#blogstopublish

Today, I’m looking at a lovely log integration trick I read about here.

The setup is: you need to integrate something awful like $I=\int 7x^{10}\ln\left(x^3\right) \mathrm dx$.

My initial thought would be (if I didn’t know the trick) to try to do some sort of $u$-substitution and/or integrate by parts. Turns out, that’s not necessary.

Because it’s a straightforward logarithm, it’s easy to manipulate the power. If the argument was $x^{11}$, we’d have an almost immediate function-derivative set-up – and all we’d need to do is multiply it by $\frac{11}{3}$.

Only we can’t just multiply by $\frac{11}{3}$ because that changes the value of the integral. We can multiply by $\frac{3}{11}$ and by $\frac{11}{3}$, though:

$I = \frac{3}{11} \int 7x^{10} \cdot \frac{11}{3}\ln\left(x^{3}\right)\mathrm dx$, which is $I = \frac{3}{11} \int 7x^{10}\ln\left(x^{11}\right)\mathrm dx$ once you fix the power.

It’s already a lot nicer, but we can do better yet: because the derivative of $x^{11}$ is $11x^{10}$, it’d be nice if we could make the 7 into an 11. We do a very similar trick: multiply by $\frac{11}{7}$ to make the constant 11, and also by $\frac{7}{11}$ so we don’t change the value of the integral.

$I = \frac{3}{11} \frac{7}{11} \int \frac{11}{7}\cdot7x^{10}\ln\left(x^{11}\right)\mathrm dx$, which is $I = \frac{21}{121} \int 11x^{10}\ln(x^{11})\mathrm dx$.

Now set $u = x^{11}$ (so $\frac{du}{dx} = 11x^{10}$ and you’ve got $I = \frac{21}{121}\int \frac{ \mathrm du}{ \mathrm dx}\ln(u) \mathrm dx$, or $I= \frac{21}{121}\int \ln(u) \mathrm du$.

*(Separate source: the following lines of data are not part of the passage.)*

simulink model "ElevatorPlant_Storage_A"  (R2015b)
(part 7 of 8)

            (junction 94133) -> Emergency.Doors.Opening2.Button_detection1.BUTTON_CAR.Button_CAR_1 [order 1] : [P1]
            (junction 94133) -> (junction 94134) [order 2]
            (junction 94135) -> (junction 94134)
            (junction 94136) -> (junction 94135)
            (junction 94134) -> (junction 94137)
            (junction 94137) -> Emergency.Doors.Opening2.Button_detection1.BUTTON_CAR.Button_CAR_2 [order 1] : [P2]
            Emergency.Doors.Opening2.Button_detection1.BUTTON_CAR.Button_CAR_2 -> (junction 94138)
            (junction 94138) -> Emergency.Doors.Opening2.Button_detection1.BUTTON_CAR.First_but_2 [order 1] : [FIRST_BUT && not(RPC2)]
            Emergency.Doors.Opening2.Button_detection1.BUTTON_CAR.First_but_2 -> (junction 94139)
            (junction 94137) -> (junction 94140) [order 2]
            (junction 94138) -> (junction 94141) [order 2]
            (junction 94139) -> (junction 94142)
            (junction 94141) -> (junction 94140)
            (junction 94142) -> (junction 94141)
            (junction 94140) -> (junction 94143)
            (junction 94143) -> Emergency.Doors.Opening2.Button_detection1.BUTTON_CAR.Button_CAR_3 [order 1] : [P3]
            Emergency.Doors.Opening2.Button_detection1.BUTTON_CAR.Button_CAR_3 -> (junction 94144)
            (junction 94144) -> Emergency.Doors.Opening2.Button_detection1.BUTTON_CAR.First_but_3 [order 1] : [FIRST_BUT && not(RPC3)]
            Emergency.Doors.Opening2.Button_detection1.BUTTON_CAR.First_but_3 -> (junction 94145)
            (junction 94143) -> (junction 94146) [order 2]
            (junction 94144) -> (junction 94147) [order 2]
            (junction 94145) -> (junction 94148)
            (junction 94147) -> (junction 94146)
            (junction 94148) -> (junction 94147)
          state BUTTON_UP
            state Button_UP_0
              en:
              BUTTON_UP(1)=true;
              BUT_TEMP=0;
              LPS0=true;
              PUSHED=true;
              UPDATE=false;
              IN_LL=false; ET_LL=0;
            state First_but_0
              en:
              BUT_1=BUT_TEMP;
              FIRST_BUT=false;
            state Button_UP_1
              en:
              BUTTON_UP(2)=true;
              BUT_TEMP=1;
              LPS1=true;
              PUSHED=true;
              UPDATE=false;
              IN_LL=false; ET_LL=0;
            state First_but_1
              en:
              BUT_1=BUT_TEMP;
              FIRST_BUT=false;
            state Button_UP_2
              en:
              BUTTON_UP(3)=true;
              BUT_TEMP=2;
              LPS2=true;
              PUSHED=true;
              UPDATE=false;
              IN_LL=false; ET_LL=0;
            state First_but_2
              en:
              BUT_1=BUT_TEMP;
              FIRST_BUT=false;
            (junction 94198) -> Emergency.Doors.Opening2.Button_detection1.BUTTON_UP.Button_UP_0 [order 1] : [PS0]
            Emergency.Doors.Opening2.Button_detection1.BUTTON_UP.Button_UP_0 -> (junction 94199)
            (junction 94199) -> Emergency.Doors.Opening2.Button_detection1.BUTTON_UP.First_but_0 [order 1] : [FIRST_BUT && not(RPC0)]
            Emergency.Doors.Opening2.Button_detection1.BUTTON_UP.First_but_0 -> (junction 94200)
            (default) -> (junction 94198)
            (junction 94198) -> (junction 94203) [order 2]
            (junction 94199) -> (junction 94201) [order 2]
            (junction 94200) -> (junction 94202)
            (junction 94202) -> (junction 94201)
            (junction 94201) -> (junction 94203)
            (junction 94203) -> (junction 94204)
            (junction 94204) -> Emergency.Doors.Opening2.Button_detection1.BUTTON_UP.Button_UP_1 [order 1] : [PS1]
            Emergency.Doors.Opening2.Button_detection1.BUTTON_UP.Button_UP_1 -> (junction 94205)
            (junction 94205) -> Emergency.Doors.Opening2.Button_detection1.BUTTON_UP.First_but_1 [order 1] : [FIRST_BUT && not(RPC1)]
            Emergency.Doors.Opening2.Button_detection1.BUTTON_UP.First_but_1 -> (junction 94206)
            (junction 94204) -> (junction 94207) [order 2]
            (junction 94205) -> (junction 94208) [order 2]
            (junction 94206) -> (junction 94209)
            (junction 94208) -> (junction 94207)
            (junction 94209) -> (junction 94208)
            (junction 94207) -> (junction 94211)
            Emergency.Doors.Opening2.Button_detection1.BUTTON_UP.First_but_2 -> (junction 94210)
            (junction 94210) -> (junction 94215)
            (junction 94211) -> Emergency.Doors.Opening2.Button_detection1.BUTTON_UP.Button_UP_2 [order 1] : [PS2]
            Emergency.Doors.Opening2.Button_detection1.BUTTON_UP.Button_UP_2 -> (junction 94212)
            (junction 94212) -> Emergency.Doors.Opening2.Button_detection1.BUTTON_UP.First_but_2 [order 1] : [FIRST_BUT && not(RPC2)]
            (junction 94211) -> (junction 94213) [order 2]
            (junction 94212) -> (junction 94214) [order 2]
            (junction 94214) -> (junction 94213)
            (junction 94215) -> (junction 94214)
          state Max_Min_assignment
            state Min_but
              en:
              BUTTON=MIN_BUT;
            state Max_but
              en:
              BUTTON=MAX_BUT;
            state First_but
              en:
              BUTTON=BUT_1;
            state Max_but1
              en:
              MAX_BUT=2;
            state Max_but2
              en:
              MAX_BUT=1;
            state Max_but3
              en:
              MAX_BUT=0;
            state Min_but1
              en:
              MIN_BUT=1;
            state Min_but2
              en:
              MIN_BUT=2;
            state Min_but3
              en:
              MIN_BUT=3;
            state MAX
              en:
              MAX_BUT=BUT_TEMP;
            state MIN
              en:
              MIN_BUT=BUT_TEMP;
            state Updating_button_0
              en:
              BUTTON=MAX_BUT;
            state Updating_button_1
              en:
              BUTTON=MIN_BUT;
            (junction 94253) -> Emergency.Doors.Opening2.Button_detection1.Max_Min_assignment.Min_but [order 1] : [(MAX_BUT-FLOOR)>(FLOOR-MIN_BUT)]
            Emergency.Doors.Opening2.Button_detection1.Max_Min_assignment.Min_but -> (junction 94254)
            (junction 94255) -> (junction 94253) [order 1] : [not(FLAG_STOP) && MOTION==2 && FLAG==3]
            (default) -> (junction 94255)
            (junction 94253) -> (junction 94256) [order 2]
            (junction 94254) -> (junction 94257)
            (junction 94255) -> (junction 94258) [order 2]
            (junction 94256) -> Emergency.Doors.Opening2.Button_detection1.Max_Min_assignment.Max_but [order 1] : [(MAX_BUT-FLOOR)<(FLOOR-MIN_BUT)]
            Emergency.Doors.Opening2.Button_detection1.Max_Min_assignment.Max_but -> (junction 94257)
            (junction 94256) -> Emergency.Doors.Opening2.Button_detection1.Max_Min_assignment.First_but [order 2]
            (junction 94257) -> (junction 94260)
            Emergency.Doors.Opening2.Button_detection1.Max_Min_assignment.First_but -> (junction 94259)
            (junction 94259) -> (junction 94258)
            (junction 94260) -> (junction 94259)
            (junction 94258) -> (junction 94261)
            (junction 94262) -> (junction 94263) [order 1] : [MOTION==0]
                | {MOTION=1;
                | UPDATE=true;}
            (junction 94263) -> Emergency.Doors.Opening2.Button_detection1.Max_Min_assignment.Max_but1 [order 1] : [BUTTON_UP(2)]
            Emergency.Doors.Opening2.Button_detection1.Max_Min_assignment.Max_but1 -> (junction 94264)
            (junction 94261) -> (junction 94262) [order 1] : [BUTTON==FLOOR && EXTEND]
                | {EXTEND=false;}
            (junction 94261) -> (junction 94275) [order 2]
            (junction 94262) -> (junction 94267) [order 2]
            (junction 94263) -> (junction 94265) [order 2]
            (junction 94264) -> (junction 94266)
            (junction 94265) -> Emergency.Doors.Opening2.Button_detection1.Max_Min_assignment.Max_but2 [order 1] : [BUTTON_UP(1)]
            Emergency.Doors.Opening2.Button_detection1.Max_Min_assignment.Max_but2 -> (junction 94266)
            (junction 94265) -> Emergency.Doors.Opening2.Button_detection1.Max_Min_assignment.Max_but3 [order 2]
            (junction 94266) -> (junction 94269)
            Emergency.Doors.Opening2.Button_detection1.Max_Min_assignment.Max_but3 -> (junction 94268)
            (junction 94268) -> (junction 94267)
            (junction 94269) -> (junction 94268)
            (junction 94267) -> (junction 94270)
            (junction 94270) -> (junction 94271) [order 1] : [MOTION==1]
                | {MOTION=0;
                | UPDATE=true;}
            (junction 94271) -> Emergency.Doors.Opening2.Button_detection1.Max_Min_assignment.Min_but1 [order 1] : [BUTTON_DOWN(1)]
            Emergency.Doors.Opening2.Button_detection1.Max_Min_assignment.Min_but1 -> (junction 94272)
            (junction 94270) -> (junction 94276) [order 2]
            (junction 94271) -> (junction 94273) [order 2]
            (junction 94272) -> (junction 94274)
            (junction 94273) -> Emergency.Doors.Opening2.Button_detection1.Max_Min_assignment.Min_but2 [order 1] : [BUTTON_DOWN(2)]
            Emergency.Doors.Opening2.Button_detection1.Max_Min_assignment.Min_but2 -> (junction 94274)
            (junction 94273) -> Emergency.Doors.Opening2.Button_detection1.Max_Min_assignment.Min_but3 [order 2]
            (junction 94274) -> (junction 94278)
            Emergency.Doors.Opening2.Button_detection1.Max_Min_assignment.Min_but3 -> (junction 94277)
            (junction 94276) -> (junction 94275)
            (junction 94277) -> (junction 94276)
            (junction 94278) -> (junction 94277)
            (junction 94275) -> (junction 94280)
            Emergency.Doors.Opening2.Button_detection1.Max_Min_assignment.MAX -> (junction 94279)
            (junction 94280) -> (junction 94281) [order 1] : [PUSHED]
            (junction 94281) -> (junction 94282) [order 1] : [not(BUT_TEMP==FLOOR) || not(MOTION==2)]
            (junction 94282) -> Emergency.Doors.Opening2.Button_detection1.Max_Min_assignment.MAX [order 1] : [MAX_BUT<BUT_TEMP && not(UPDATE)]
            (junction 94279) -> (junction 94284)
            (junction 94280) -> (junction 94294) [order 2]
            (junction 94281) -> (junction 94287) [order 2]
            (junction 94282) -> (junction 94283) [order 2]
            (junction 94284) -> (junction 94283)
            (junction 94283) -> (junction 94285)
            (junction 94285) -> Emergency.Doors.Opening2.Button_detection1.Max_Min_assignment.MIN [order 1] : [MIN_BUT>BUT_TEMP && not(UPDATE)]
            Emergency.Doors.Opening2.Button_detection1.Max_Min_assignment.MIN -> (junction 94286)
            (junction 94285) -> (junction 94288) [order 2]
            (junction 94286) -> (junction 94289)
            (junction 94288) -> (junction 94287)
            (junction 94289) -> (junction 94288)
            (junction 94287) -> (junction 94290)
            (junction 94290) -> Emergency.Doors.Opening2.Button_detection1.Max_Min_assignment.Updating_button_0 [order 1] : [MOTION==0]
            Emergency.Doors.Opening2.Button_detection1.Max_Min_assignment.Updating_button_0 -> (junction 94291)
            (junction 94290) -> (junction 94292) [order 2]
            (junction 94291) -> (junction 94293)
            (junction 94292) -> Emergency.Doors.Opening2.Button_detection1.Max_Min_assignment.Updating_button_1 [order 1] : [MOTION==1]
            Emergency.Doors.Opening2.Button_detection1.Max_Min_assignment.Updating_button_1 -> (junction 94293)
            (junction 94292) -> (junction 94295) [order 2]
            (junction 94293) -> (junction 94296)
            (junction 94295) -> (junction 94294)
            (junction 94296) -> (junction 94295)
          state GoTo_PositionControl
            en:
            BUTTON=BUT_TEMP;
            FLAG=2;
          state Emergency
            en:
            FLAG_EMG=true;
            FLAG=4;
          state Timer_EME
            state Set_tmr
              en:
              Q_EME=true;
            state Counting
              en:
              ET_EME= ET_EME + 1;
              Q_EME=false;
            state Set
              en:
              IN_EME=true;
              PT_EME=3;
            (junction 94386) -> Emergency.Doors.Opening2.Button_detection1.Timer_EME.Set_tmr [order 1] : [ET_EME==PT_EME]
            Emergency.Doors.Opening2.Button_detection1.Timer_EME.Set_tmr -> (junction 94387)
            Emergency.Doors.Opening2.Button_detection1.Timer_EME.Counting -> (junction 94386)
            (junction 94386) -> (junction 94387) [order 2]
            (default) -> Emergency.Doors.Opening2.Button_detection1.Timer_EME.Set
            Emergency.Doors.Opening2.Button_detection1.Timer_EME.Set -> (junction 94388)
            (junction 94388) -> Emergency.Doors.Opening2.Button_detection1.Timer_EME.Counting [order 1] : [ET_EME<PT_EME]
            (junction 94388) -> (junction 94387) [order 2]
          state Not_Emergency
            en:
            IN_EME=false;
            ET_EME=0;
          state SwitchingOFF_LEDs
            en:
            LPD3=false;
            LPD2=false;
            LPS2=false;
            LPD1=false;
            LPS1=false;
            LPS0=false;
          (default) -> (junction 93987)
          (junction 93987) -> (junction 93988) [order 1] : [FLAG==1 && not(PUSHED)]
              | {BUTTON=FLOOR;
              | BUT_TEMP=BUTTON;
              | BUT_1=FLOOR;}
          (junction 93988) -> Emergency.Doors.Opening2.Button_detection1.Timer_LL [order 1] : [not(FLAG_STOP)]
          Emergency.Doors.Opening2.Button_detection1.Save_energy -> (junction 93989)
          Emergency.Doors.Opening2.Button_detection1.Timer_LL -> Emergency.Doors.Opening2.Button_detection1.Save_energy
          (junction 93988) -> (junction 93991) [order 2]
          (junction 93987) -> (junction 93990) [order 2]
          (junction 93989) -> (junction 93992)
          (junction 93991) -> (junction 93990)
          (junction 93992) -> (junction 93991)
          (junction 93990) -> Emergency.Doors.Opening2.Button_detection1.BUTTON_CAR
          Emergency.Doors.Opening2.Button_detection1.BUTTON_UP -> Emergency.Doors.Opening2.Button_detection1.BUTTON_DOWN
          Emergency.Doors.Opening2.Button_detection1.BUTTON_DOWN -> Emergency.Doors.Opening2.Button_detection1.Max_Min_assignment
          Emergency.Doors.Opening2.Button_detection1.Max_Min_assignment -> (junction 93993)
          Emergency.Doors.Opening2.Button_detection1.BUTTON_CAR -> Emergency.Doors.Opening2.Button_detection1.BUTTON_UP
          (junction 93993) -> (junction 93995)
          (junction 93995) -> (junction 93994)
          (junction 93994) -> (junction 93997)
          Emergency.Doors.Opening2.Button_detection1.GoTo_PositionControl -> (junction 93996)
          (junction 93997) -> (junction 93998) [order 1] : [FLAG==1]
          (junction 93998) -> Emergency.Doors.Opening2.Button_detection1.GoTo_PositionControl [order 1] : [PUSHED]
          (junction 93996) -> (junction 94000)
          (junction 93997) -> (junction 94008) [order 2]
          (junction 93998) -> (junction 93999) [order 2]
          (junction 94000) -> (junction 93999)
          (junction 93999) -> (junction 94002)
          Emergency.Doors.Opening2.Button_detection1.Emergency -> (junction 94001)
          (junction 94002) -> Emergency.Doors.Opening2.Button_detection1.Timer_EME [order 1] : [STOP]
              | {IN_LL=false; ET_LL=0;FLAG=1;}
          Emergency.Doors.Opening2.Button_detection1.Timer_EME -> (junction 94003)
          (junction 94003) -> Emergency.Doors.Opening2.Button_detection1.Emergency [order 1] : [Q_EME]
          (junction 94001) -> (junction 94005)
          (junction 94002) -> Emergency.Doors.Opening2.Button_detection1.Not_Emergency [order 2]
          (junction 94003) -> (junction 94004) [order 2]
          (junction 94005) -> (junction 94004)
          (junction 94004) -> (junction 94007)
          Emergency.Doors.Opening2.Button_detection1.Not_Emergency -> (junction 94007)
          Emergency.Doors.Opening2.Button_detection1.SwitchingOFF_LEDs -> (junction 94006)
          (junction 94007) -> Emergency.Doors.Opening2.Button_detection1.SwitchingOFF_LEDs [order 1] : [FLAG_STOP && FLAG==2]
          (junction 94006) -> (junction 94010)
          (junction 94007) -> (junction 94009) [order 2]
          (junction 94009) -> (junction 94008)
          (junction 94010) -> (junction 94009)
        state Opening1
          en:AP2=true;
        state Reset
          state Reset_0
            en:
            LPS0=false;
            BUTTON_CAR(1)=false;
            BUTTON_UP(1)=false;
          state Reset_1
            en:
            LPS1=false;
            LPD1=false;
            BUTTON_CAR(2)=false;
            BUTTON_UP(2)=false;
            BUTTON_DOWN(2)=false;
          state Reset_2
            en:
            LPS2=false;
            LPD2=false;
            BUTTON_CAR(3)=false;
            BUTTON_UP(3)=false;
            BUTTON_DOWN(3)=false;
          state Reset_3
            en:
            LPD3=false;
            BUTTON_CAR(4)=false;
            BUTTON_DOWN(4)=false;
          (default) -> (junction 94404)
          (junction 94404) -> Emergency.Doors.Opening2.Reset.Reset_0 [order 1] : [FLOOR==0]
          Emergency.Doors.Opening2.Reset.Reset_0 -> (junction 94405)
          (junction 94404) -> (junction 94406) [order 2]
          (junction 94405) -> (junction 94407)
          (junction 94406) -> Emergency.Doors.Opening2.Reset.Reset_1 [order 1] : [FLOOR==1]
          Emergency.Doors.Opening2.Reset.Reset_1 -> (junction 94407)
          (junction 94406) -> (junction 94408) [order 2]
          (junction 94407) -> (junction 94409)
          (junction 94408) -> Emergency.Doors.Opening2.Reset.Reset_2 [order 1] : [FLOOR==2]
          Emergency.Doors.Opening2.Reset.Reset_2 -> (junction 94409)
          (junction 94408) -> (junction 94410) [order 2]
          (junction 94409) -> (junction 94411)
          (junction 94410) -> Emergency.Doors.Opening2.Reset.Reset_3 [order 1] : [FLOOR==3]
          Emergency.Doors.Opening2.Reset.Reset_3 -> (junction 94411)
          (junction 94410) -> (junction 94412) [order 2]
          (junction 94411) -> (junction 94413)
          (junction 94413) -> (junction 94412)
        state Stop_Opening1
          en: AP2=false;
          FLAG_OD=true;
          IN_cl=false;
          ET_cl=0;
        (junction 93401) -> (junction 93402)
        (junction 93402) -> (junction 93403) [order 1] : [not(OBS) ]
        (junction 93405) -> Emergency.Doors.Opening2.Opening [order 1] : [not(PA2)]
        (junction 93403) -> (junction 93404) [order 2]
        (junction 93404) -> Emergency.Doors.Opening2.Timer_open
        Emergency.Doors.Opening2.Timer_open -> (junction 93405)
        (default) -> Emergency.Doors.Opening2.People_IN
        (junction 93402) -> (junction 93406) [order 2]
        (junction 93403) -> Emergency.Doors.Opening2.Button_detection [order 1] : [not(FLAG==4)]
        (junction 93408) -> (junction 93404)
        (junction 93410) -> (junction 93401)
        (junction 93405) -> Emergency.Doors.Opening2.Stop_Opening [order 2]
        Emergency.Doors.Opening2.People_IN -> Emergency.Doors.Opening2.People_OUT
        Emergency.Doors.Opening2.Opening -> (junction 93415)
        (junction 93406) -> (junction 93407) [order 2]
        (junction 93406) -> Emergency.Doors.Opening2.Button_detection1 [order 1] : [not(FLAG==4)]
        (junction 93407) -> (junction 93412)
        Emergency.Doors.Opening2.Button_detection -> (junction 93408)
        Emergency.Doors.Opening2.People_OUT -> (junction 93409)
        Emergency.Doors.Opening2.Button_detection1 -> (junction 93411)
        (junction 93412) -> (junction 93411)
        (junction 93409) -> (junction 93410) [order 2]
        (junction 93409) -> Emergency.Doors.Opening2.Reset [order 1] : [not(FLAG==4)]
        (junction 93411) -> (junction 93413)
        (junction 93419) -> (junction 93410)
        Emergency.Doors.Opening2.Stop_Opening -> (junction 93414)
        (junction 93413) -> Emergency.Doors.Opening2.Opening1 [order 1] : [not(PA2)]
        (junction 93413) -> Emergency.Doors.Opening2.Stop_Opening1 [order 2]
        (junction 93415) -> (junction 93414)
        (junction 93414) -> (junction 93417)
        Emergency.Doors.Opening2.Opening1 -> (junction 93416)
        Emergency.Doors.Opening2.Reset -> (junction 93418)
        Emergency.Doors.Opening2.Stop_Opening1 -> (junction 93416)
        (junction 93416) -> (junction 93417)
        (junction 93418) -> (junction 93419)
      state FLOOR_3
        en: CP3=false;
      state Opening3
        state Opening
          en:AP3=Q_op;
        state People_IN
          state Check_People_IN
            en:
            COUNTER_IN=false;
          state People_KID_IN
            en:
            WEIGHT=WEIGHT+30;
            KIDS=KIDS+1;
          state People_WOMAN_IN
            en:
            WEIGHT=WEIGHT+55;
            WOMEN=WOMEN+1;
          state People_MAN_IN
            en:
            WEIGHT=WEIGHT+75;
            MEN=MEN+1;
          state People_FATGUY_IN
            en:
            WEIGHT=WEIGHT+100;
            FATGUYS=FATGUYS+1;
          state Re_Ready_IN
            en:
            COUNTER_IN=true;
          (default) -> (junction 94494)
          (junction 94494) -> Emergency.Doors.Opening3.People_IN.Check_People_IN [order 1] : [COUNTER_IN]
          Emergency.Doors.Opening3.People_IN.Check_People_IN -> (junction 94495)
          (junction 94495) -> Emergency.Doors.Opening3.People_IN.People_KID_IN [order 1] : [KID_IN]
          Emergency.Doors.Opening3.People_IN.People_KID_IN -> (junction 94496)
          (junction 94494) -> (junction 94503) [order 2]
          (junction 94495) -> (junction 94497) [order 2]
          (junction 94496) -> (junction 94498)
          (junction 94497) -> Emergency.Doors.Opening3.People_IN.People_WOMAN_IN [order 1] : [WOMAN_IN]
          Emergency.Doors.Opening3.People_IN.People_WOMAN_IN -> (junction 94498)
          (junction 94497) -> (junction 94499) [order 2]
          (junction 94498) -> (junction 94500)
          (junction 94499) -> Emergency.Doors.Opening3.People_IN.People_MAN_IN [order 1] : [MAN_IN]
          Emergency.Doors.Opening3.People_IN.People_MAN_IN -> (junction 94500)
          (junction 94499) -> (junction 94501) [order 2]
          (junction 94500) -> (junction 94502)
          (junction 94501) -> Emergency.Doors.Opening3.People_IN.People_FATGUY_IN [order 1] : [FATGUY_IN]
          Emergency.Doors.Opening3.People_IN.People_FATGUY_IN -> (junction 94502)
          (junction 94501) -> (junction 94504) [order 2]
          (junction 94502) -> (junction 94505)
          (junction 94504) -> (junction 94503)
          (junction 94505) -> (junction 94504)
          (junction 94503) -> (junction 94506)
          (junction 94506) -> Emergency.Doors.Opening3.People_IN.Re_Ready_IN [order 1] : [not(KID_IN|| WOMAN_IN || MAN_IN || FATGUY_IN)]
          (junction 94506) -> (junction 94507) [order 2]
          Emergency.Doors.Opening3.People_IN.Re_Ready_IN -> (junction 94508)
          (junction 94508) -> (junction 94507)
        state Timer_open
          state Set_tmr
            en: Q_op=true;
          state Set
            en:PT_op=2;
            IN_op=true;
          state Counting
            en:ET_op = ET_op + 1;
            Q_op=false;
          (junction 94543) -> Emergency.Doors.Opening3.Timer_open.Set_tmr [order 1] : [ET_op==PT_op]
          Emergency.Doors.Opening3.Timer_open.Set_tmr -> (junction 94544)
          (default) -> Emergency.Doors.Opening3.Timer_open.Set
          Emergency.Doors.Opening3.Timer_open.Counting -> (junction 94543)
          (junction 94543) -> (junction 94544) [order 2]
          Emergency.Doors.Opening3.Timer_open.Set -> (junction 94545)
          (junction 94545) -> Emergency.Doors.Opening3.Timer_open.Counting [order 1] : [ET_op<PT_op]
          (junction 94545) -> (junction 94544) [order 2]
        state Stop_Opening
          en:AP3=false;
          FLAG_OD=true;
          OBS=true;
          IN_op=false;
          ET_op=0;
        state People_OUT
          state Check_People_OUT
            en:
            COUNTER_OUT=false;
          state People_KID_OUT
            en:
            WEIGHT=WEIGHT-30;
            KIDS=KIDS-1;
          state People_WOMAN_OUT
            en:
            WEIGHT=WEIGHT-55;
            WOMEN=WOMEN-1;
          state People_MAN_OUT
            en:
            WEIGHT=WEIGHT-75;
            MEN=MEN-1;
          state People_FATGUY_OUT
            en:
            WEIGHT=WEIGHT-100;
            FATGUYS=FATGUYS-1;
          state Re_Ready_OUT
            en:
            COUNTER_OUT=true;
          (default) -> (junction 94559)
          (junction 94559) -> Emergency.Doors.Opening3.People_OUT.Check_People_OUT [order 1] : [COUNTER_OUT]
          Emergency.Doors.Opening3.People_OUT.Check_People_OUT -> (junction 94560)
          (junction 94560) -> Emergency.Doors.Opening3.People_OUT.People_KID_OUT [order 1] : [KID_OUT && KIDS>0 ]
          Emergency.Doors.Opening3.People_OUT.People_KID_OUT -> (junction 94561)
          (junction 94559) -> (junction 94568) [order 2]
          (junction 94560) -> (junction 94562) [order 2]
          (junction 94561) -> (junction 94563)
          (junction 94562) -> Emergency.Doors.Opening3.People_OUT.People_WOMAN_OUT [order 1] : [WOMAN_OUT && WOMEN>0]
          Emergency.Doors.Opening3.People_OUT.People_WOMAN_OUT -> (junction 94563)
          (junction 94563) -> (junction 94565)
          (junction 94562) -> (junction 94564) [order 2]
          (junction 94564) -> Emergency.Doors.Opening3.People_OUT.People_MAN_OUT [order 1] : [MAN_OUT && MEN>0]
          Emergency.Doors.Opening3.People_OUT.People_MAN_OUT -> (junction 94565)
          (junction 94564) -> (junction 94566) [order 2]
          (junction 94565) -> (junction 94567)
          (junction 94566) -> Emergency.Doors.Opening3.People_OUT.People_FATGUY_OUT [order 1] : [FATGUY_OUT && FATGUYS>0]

You do still need to integrate the logarithm ((My preferred method is by parts, but other options are available))– you get $\frac{21}{121}\left(u\ln(u) - u\right) +C$, or $\frac{21}{121}x^{11}\left(\ln(x^{11})-1\right)+C$.

This, incidentally, is a Very Mathematician Thing: sometimes finding a way to add 0 or multiply by 1 means you can manipulate objects into a better form.